## What is required
Identify the line that contains "2 | Check/MO" in the material. Output it and every line after it, unchanged, through the end.
*** Supplied records Section Begins ***
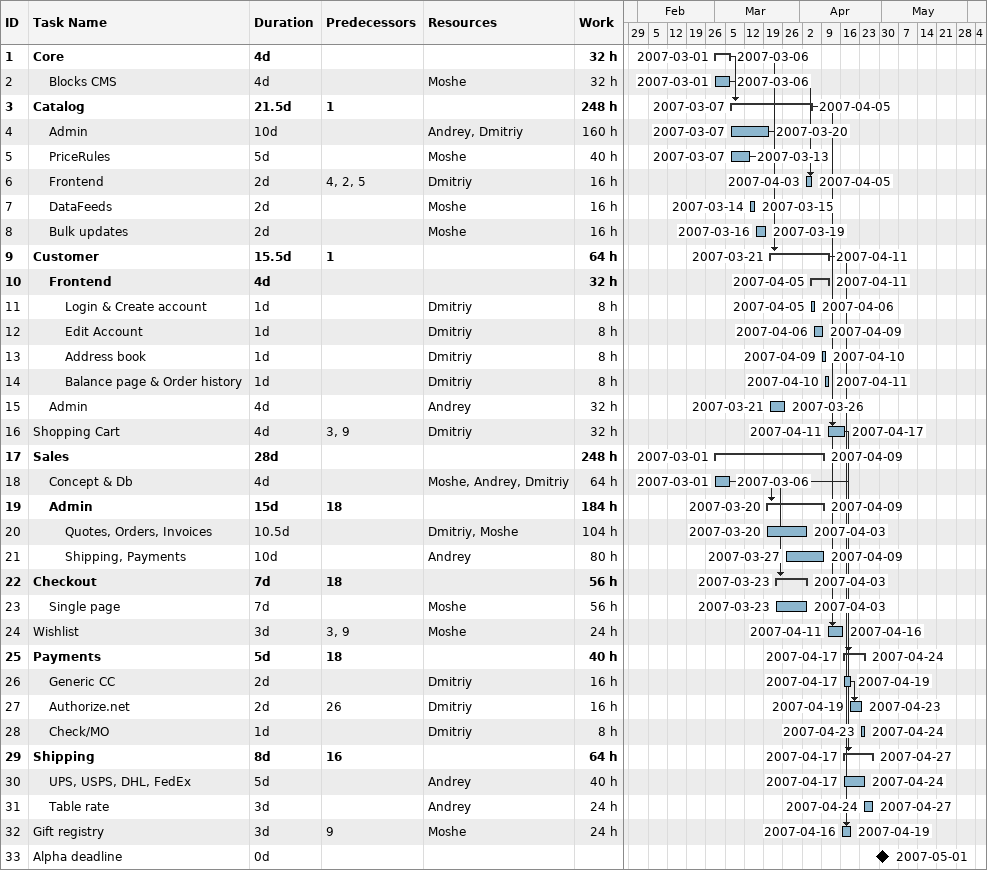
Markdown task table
| ID | Level | Task | Duration | Start | Finish | Predecessors | Resources | Work (h) |
|---|---|---|---|---|---|---|---|---|
| 1 | 1 | **Core** | 4d | 2007-03-01 | 2007-03-06 |  |  | 32 |
| 2 | 2 | Blocks CMS | 4d | 2007-03-01 | 2007-03-06 |  | Moshe | 32 |
| 3 | 1 | **Catalog** | 21.5d | 2007-03-07 | 2007-04-05 | 1 |  | 248 |
| 4 | 2 | Admin | 10d | 2007-03-07 | 2007-03-20 |  | Andrey, Dmitriy | 160 |
| 5 | 2 | PriceRules | 5d | 2007-03-07 | 2007-03-13 |  | Moshe | 40 |
| 6 | 2 | Frontend | 2d | 2007-04-03 | 2007-04-05 | 4, 2, 5 | Dmitriy | 16 |
| 7 | 2 | DataFeeds | 2d | 2007-03-14 | 2007-03-15 |  | Moshe | 16 |
| 8 | 2 | Bulk updates | 2d | 2007-03-16 | 2007-03-19 |  | Moshe | 16 |
| 9 | 1 | **Customer** | 15.5d | 2007-03-21 | 2007-04-11 | 1 |  | 64 |
| 10 | 2 | **Frontend** | 4d | 2007-04-05 | 2007-04-11 |  |  | 32 |
| 11 | 3 | Login & Create account | 1d | 2007-04-05 | 2007-04-06 |  | Dmitriy | 8 |
| 12 | 3 | Edit Account | 1d | 2007-04-06 | 2007-04-09 |  | Dmitriy | 8 |
| 13 | 3 | Address book | 1d | 2007-04-09 | 2007-04-10 |  | Dmitriy | 8 |
| 14 | 3 | Balance page & Order history | 1d | 2007-04-10 | 2007-04-11 |  | Dmitriy | 8 |
| 15 | 2 | Admin | 4d | 2007-03-21 | 2007-03-26 |  | Andrey | 32 |
| 16 | 1 | Shopping Cart | 4d | 2007-04-11 | 2007-04-17 | 3, 9 | Dmitriy | 32 |
| 17 | 1 | **Sales** | 28d | 2007-03-01 | 2007-04-09 |  |  | 248 |
| 18 | 2 | Concept & Db | 4d | 2007-03-01 | 2007-03-06 |  | Moshe, Andrey, Dmitriy | 64 |
| 19 | 2 | **Admin** | 15d | 2007-03-20 | 2007-04-09 | 18 |  | 184 |
| 20 | 3 | Quotes, Orders, Invoices | 10.5d | 2007-03-20 | 2007-04-03 |  | Dmitriy, Moshe | 104 |
| 21 | 3 | Shipping, Payments | 10d | 2007-03-27 | 2007-04-09 |  | Andrey | 80 |
| 22 | 1 | **Checkout** | 7d | 2007-03-23 | 2007-04-03 | 18 |  | 56 |
| 23 | 2 | Single page | 7d | 2007-03-23 | 2007-04-03 |  | Moshe | 56 |
| 24 | 1 | Wishlist | 3d | 2007-04-11 | 2007-04-16 | 3, 9 | Moshe | 24 |
| 25 | 1 | **Payments** | 5d | 2007-04-17 | 2007-04-24 | 18 |  | 40 |
| 26 | 2 | Generic CC | 2d | 2007-04-17 | 2007-04-19 |  | Dmitriy | 16 |
| 27 | 2 | Authorize.net | 2d | 2007-04-19 | 2007-04-23 | 26 | Dmitriy | 16 |
| 28 | 2 | Check/MO | 1d | 2007-04-23 | 2007-04-24 |  | Dmitriy | 8 |
| 29 | 1 | **Shipping** | 8d | 2007-04-17 | 2007-04-27 | 16 |  | 64 |
| 30 | 2 | UPS, USPS, DHL, FedEx | 5d | 2007-04-17 | 2007-04-24 |  | Andrey | 40 |
| 31 | 2 | Table rate | 3d | 2007-04-24 | 2007-04-27 |  | Andrey | 24 |
| 32 | 1 | Gift registry | 3d | 2007-04-16 | 2007-04-19 | 9 | Moshe | 24 |
| 33 | 1 | Alpha deadline | 0d | 2007-05-01 | 2007-05-01 |  |  |  |
*** Supplied records Section Ends ***
## Answer for this exercise
| 28 | 2 | Check/MO | 1d | 2007-04-23 | 2007-04-24 |  | Dmitriy | 8 |
| 29 | 1 | **Shipping** | 8d | 2007-04-17 | 2007-04-27 | 16 |  | 64 |
| 30 | 2 | UPS, USPS, DHL, FedEx | 5d | 2007-04-17 | 2007-04-24 |  | Andrey | 40 |
| 31 | 2 | Table rate | 3d | 2007-04-24 | 2007-04-27 |  | Andrey | 24 |
| 32 | 1 | Gift registry | 3d | 2007-04-16 | 2007-04-19 | 9 | Moshe | 24 |
| 33 | 1 | Alpha deadline | 0d | 2007-05-01 | 2007-05-01 |  |  |  |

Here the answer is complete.